The schema has 0% description coverage for its single parameter 'path', but the description compensates by explaining what the parameter represents ('a specified path') and adding crucial context about its constraints ('Only works within allowed directories'). This provides meaningful semantic information beyond the bare schema.

Input schemas describe structure but not intent. Descriptions should explain non-obvious parameter relationships and valid value ranges.

Purpose5/5

Does the description clearly state what the tool does and how it differs from similar tools?

The description clearly states the tool's purpose with specific verbs ('Get a detailed listing') and resource ('files and directories in a specified path'). It distinguishes from siblings like 'search_files' by focusing on comprehensive listing rather than searching, and from 'list_allowed_directories' by operating within directories rather than listing allowed ones.

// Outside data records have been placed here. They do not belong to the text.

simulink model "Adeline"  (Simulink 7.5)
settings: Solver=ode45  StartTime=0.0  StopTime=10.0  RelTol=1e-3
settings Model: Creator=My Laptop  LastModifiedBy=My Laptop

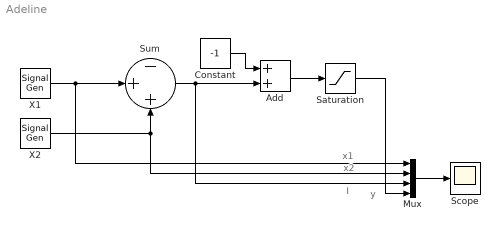
== system Adeline ==
  note: y
  note: I
  note: x1
  note: x2
  Add : Sum  OutDataType=fixdt(1, 16)  OutScaling=2^-10
  Constant : Constant  Value=-1  OutDataType=fixdt(1, 16)  OutScaling=2^0
  Mux : Mux
  Saturation : Saturate  UpperLimit=1  LowerLimit=-1  ZeroCross=off  OutDataType=fixdt(1, 16)  OutScaling=2^0
  Scope : Scope
      settings: YMin=-3  YMax=3
  Sum : Sum  Inputs=-++  OutDataType=fixdt(1, 16)  OutScaling=2^0
  X1 : SignalGenerator  WaveForm=square  Frequency=.4
  X2 : SignalGenerator  WaveForm=square  Frequency=.2
  wires:
  Mux/1 -> Scope/1
  Sum/1 -> Mux/3, Add/2
  X2/1 -> Sum/3, Mux/2
  X1/1 -> Mux/1, Sum/2
  Saturation/1 -> Mux/4
  Constant/1 -> Add/1
  Add/1 -> Saturation/1
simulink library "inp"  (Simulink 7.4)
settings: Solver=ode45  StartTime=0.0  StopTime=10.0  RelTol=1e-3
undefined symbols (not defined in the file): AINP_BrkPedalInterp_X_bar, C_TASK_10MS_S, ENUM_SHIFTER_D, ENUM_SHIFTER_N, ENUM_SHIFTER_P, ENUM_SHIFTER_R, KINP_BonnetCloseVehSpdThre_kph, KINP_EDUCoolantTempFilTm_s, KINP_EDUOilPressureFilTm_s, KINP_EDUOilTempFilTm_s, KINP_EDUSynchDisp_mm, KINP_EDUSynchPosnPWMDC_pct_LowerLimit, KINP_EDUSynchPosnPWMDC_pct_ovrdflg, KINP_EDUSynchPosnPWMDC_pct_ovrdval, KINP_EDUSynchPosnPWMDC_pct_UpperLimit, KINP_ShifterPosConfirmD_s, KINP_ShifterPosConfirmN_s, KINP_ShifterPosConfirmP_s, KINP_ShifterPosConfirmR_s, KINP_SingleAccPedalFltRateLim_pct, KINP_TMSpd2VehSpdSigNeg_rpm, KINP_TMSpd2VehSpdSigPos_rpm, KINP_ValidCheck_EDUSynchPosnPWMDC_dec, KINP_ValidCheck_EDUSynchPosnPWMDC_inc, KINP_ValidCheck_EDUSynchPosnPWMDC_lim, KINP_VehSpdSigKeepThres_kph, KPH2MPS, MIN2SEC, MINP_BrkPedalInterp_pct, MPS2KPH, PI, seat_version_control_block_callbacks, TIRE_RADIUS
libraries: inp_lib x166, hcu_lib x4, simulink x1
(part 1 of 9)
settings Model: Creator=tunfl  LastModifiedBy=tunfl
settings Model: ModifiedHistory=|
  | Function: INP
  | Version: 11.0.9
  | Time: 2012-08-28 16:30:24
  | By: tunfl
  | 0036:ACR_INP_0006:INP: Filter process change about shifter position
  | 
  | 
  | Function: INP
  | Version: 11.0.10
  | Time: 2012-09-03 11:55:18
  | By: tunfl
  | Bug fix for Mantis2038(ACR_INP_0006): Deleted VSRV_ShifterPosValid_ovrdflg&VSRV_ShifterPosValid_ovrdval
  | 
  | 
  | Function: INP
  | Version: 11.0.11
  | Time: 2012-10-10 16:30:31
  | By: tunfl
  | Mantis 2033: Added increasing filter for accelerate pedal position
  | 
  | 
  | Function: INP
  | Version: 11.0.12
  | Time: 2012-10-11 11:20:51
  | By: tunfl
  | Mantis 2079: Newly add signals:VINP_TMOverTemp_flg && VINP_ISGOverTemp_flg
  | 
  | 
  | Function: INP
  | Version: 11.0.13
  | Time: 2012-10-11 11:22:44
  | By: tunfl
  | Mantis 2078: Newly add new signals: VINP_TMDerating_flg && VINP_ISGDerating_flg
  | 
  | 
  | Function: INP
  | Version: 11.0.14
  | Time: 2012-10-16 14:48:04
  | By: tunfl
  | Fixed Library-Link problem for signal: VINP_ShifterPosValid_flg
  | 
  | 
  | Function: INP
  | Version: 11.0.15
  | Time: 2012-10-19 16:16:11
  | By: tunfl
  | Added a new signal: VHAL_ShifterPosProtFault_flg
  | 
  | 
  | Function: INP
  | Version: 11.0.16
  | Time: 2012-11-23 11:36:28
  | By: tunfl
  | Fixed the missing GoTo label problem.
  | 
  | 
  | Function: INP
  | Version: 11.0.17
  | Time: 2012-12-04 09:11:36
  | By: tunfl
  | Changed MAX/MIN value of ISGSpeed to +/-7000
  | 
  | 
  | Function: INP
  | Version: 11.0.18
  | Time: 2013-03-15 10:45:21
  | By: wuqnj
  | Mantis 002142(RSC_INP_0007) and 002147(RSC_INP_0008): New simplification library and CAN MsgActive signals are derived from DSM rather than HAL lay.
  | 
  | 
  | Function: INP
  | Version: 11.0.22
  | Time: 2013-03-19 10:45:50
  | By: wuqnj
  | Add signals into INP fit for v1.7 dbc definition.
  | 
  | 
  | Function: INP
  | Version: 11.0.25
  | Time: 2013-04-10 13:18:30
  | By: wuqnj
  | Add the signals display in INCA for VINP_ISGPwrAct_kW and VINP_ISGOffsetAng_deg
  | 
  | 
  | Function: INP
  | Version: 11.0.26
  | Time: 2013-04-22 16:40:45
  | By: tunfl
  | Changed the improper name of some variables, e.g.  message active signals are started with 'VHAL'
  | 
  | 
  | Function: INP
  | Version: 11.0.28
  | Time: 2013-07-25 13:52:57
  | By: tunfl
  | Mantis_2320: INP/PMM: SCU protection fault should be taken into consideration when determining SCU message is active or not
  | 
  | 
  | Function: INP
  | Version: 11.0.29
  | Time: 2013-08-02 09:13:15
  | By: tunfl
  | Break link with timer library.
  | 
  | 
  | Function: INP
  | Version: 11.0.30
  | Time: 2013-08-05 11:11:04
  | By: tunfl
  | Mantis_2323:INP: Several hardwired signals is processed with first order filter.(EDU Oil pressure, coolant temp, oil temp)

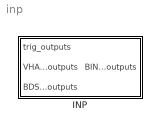
== system inp ==
  INP : Subsystem

== system inp/INP ==
  trig_outputs : Inport
  VHAL_outputs : Inport  Port=2  UseBusObject=on
      settings: BusObject=BHAL_outputs
  BDSM_outputs : Inport  Port=3
  Bus Creator : BusCreator  Inputs=3
  Bus Creator2 : BusCreator  Inputs=5
  Bus Selector : BusSelector  OutputSignals=trig_inp_5ms,trig_inp_10ms,trig_inp_20ms,trig_inp_50ms,trig_inp_100ms
  Bus Selector2 : BusSelector  OutputSignals=VHAL_outputs_5ms,VHAL_outputs_10ms,VHAL_outputs_20ms,VHAL_outputs_50ms,VHAL_outputs_100ms
  Chart : Stateflow chart  RTWFcnName=INP_5MS  RTWFileName=INP
      settings: RTWSystemCode=Function  RTWFcnNameOpts=User specified  RTWFileNameOpts=User specified
  Chart1 : Stateflow chart  RTWFcnName=INP_5MS  RTWFileName=INP
      settings: RTWSystemCode=Inline  RTWFcnNameOpts=User specified  RTWFileNameOpts=User specified
  INP_100MS : Subsystem  TreatAsAtomicUnit=on  RTWFcnName=INP_100MS  RTWFileName=INP
      settings: RTWSystemCode=Function  RTWFcnNameOpts=User specified  RTWFileNameOpts=User specified
  INP_10MS : Subsystem  TreatAsAtomicUnit=on  RTWFcnName=INP_10MS  RTWFileName=INP
      settings: RTWSystemCode=Function  RTWFcnNameOpts=User specified  RTWFileNameOpts=User specified
  INP_20MS : Subsystem  TreatAsAtomicUnit=on  RTWFcnName=INP_20MS  RTWFileName=INP
      settings: RTWSystemCode=Function  RTWFcnNameOpts=User specified  RTWFileNameOpts=User specified
  INP_50MS : Subsystem  TreatAsAtomicUnit=on  RTWFcnName=INP_50MS  RTWFileName=INP
      settings: RTWSystemCode=Function  RTWFcnNameOpts=User specified  RTWFileNameOpts=User specified
  INP_5MS : Subsystem  TreatAsAtomicUnit=on
  INP_MsgAlive_flg : Subsystem  TreatAsAtomicUnit=on  RTWFcnName=INP_MsgAlive_flg  RTWFileName=INP
      settings: RTWSystemCode=Inline  RTWFcnNameOpts=User specified  RTWFileNameOpts=User specified
  Pre-Process : Subsystem
  Version_Control : Subsystem  LoadFcn=seat_version_control_block_callbacks(gcb,'load');  mask(SEAT_Version_Control){version=11.0.30, b_submit_to_excel=on, function_type=Sub, function_name=INP, record_file_name=INP_VersionControl.xlsx, version_on_load=11.0.30, version_last_saved=11.0.30, file_bytes_on_load=1788854, file_date_on_load=735451.46667824069, file_name_on_load=inp.mdl}
      mask prompts: b_submit_to_excel "Submit to record file"; function_type "Function Type"; function_name "Function Name"; record_file_name "Record File"; file_name_on_load "Mask Parameter 11:"
      mask help:
      | Used to record model and software versions for EP11
      | 1. Version display
      | 2. Submit model change to the target record file (file location could be customized in the "Setting" tab)
      settings: ModelCloseFcn=seat_version_control_block_callbacks(gcb,'modelclose')
      mask StyleString: edit,checkbox,popup(Main|Sub),edit,edit,edit,edit,edit,edit,edit
      mask TabNameString: Version,Version,Setting,Setting,Setting,Setting,Setting,Setting,Setting,Setting
      mask Display: disp(sprintf('Function: \t%s\nVersion: \t%s',function_name,version))
  BINP_outputs : Outport  UseBusObject=on
      settings: BusObject=BINP_outputs
  wires:
  [BDSM_outputs] -> Pre-Process/3(BDSM_outputs)
  [trig_can_msg_alive_10ms] -> INP_MsgAlive_flg/Trigger  "fcn_call"
  Chart1/2(trig_can_msg_alive_10ms) -> [trig_can_msg_alive_10ms]
  Chart1/1(trig_inp_raw_10ms) -> [trig_inp_raw_10ms]
  [trig_inp_10ms] -> Chart1/Trigger
  [BINP_CANMsgAlive] -> INP_20MS/2(BINP_CANMsgAlive)
  [BINP_CANMsgAlive] -> INP_50MS/2(BINP_CANMsgAlive)
  [BINP_CANMsgAlive] -> INP_100MS/2(BINP_CANMsgAlive)
  [BINP_CANMsgAlive] -> INP_10MS/2(BINP_CANMsgAlive)
  INP_MsgAlive_flg/1(BINP_CANMsgAlive) -> [BINP_CANMsgAlive]
  BDSM_outputs/1 -> [BDSM_outputs], INP_MsgAlive_flg/1(BDSM_outputs)
  Bus Creator/1 -> [trig_sig_chk]
  Chart/4(trig_sig_chk_100ms) -> Bus Creator/3
  Chart/3(trig_sig_chk_10ms) -> Bus Creator/2
  [trig_sig_chk] -> Pre-Process/1(trig_sig_chk)
  Bus Selector/5 -> [trig_inp_100ms]  "<trig_inp_100ms>"
  Bus Selector/4 -> [trig_inp_50ms]  "<trig_inp_50ms>"
  Bus Selector/3 -> [trig_inp_20ms]  "<trig_inp_20ms>"
  Bus Selector/2 -> [trig_inp_10ms]  "<trig_inp_10ms>"
  Bus Selector/1 -> [trig_inp_5ms]  "<trig_inp_5ms>"
  trig_outputs/1 -> Bus Selector/1
  VHAL_outputs/1 -> Bus Selector2/1
  Bus Creator2/1 -> Pre-Process/2(BINP_rawoutputs)  "BINP_rawoutputs"
  Pre-Process/1(BINP_outputs) -> BINP_outputs/1  "BINP_outputs"
  [trig_inp_100ms] -> INP_100MS/Trigger
  [trig_inp_50ms] -> INP_50MS/Trigger
  [trig_inp_20ms] -> INP_20MS/Trigger
  [trig_inp_raw_10ms] -> INP_10MS/Trigger
  Bus Selector2/1 -> INP_5MS/1(BHAL_IN5MS)  "<VHAL_outputs_5ms>"
  INP_5MS/1(BINP_rawoutputs_5ms) -> Bus Creator2/1
  INP_100MS/1(BINP_rawoutputs_100ms) -> Bus Creator2/5
  INP_50MS/1(BINP_rawoutputs_50ms) -> Bus Creator2/4
  INP_20MS/1(BINP_rawoutputs_20ms) -> Bus Creator2/3
  INP_10MS/1(BINP_rawoutputs_10ms) -> Bus Creator2/2
  Bus Selector2/5 -> INP_100MS/1(BHAL_IN_100ms)  "<VHAL_outputs_100ms>"
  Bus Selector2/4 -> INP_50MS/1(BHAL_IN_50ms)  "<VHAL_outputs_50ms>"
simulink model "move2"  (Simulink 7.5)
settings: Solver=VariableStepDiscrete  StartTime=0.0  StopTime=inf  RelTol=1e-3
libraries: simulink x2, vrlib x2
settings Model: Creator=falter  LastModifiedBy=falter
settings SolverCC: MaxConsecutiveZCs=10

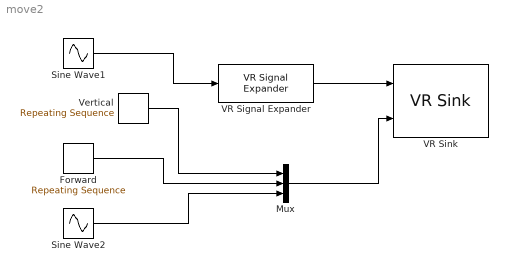
== system move2 ==
  Forward : simulink/Sources/Repeating Sequence  SystemSampleTime=-1  rep_seq_t=[0 32]  rep_seq_y=[2 2]
  Mux : Mux  Inputs=3
  Sine Wave1 : Sin  Amplitude=10  Bias=0  Frequency=0.03  Phase=0  Samples=10  SampleTime=0  Offset=0
  Sine Wave2 : Sin  Amplitude=10  Bias=0  Frequency=0.03  Phase=0  Samples=10  SampleTime=0  Offset=0
  VR Signal Expander : vrlib/VR Signal Expander  SystemSampleTime=-1  outwidth=4  outidx=[2 4]
  VR Sink : vrlib/VR Sink  InstantiateOnLoad=on  SampleTime=0.1  ViewEnable=on  RemoteChange=off  RemoteView=off  FieldsWritten=Falter.rotation.4.1.1.double#Falter.translation.3.1.1.double  WorldFileName=room.wrl  WorldDescription=Falter in a room  AutoView=on  VideoDimensions=[]
  Vertical : simulink/Sources/Repeating Sequence  SystemSampleTime=-1  rep_seq_t=[0 2 4 8 16 32]  rep_seq_y=[0 0 0 0 0 0]
  wires:
  VR Signal Expander/1 -> VR Sink/1
  Mux/1 -> VR Sink/2
  Vertical/1 -> Mux/1
  Forward/1 -> Mux/2
  Sine Wave1/1 -> VR Signal Expander/1
  Sine Wave2/1 -> Mux/3
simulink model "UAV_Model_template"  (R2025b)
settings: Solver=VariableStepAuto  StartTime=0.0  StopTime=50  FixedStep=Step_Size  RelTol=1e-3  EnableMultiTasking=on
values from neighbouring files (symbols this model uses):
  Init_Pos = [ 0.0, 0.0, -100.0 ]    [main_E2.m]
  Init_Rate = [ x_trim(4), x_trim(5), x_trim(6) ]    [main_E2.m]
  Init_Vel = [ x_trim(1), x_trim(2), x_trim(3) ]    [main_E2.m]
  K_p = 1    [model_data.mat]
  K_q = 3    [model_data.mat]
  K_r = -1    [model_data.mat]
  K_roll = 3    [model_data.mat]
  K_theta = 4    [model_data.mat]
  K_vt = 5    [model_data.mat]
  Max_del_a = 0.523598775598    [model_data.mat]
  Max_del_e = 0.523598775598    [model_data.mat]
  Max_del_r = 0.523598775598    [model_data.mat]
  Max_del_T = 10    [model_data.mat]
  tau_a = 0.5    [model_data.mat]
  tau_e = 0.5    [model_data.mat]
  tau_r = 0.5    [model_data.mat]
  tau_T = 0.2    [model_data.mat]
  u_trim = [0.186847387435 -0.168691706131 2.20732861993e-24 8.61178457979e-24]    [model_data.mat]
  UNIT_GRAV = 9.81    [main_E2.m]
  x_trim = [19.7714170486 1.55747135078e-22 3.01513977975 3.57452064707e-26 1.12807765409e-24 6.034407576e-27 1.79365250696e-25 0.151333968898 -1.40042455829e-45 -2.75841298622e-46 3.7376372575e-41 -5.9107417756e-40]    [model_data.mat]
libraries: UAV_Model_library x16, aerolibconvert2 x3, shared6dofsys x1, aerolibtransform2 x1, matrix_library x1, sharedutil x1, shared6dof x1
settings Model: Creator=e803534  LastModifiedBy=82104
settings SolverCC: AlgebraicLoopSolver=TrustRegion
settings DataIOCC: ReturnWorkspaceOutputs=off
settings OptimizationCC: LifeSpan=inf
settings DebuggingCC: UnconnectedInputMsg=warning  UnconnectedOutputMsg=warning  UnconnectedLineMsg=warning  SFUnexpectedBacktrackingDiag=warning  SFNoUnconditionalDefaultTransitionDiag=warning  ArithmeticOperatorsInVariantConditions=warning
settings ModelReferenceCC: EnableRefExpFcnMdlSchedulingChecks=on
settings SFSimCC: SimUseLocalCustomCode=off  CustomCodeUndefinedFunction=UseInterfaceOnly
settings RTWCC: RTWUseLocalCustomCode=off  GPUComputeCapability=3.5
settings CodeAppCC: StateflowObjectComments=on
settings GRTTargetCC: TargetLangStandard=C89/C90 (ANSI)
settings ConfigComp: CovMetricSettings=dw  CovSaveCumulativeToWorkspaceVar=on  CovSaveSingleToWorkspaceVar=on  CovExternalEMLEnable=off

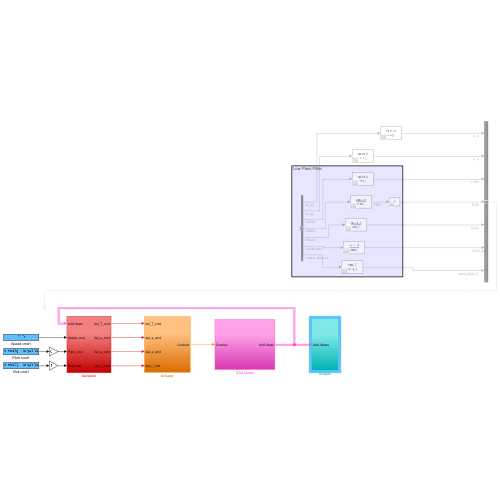
[thumbnail: Simulink's stored preview of the top-level diagram]
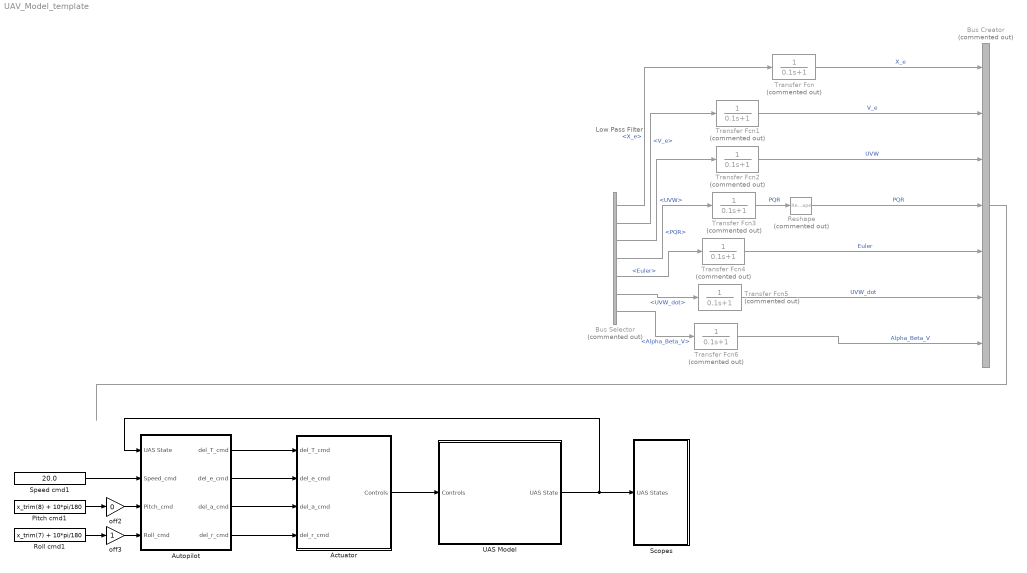
== system UAV_Model_template ==
  note: Low Pass Filter
  Actuator : Subsystem
  Autopilot : Subsystem
  Bus Creator : BusCreator  Commented=on  Inputs=7
  Bus Selector : BusSelector  Commented=on  OutputSignals=X_e,V_e,UVW,PQR,Euler,UVW_dot,Alpha_Beta_V
  Pitch cmd1 : Constant  Value=x_trim(8) + 10*pi/180
  Reshape : Reshape  Commented=on  OutputDimensionality=Customize  OutputDimensions=[3,1]
  Roll cmd1 : Constant  Value=x_trim(7) + 10*pi/180
  Scopes : Subsystem
  Speed cmd1 : Constant  Value=20.0
  Transfer Fcn{,1..6} (7 alike) : TransferFcn  Commented=on  Denominator=[0.1 1]
  UAS Model : Subsystem
  off2 : Gain  Gain=0
  off3 : Gain
  wires:
  Speed cmd1/1 -> Autopilot/2(Speed_cmd)
  Autopilot/1(del_T_cmd) -> Actuator/1(del_T_cmd)
  Autopilot/2(del_e_cmd) -> Actuator/2(del_e_cmd)
  Autopilot/4(del_r_cmd) -> Actuator/4(del_r_cmd)
  Autopilot/3(del_a_cmd) -> Actuator/3(del_a_cmd)
  off2/1 -> Autopilot/3(Pitch_cmd)
  Pitch cmd1/1 -> off2/1
  off3/1 -> Autopilot/4(Roll_cmd)
  Roll cmd1/1 -> off3/1
  UAS Model/1(UAS State) -> Autopilot/1(UAS State), Scopes/1(UAS States)
  Actuator/1(Controls) -> UAS Model/1(Controls)
  Bus Selector/1 -> Transfer Fcn/1  "<X_e>"
  Bus Selector/2 -> Transfer Fcn1/1  "<V_e>"
  Bus Selector/3 -> Transfer Fcn2/1  "<UVW>"
  Bus Selector/4 -> Transfer Fcn3/1  "<PQR>"
  Bus Selector/5 -> Transfer Fcn4/1  "<Euler>"
  Bus Selector/6 -> Transfer Fcn5/1  "<UVW_dot>"
  Bus Selector/7 -> Transfer Fcn6/1  "<Alpha_Beta_V>"
  Transfer Fcn/1 -> Bus Creator/1  "X_e"
  Reshape/1 -> Bus Creator/4  "PQR"
  Transfer Fcn1/1 -> Bus Creator/2  "V_e"
  Transfer Fcn5/1 -> Bus Creator/6  "UVW_dot"
  Transfer Fcn4/1 -> Bus Creator/5  "Euler"
  Transfer Fcn6/1 -> Bus Creator/7  "Alpha_Beta_V"
  Transfer Fcn2/1 -> Bus Creator/3  "UVW"
  Bus Creator/1 -> ?
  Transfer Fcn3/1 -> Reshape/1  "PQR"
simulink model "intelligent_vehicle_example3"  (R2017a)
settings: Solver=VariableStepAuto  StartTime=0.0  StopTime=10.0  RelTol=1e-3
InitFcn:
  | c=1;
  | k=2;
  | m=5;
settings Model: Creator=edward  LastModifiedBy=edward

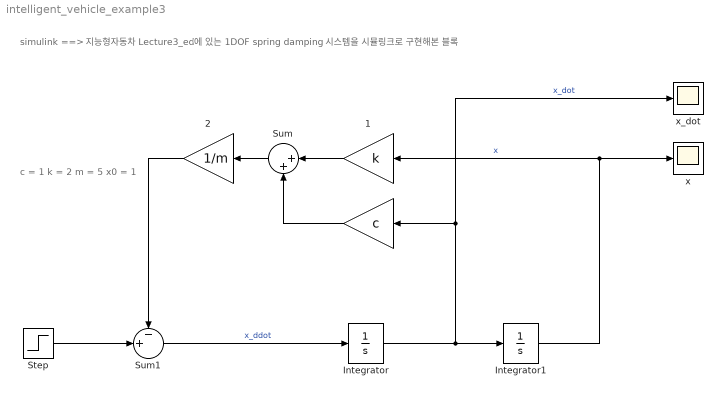
== system intelligent_vehicle_example3 ==
  note: c = 1
      | k = 2
      | m = 5
      | x0 = 1
  note: simulink ==> 지능형자동차 Lecture3_ed에 있는 1DOF spring damping 시스템을 시뮬링크로 구현해본 블록
  " " : Gain  Gain=c
  " 1" : Gain  Gain=k
  " 2" : Gain  Gain=1/m
  Integrator : Integrator
  Integrator1 : Integrator  InitialCondition=1
  Step : Step  Time=0  After=0  SampleTime=0
  Sum : Sum  Inputs=|++
  Sum1 : Sum  Inputs=-+|
  x : Scope
  x_dot : Scope
  wires:
  " 2"/1 -> Sum1/1
  Step/1 -> Sum1/2
  Integrator/1 -> x_dot/1, " "/1, Integrator1/1  "x_dot"
  " "/1 -> Sum/2
  Integrator1/1 -> " 1"/1, x/1  "x"
  Sum/1 -> " 2"/1
  Sum1/1 -> Integrator/1  "x_ddot"
  " 1"/1 -> Sum/1

Agents choose between tools based on descriptions. A clear purpose with a specific verb and resource helps agents select the right tool.

Usage Guidelines4/5

Does the description explain when to use this tool, when not to, or what alternatives exist?

The description provides clear context about when to use this tool ('in a specified path') and includes an important constraint ('Only works within allowed directories'). However, it doesn't explicitly mention when NOT to use it or name specific alternatives among the many sibling tools available.

Agents often have multiple tools that could apply. Explicit usage guidance like "use X instead of Y when Z" prevents misuse.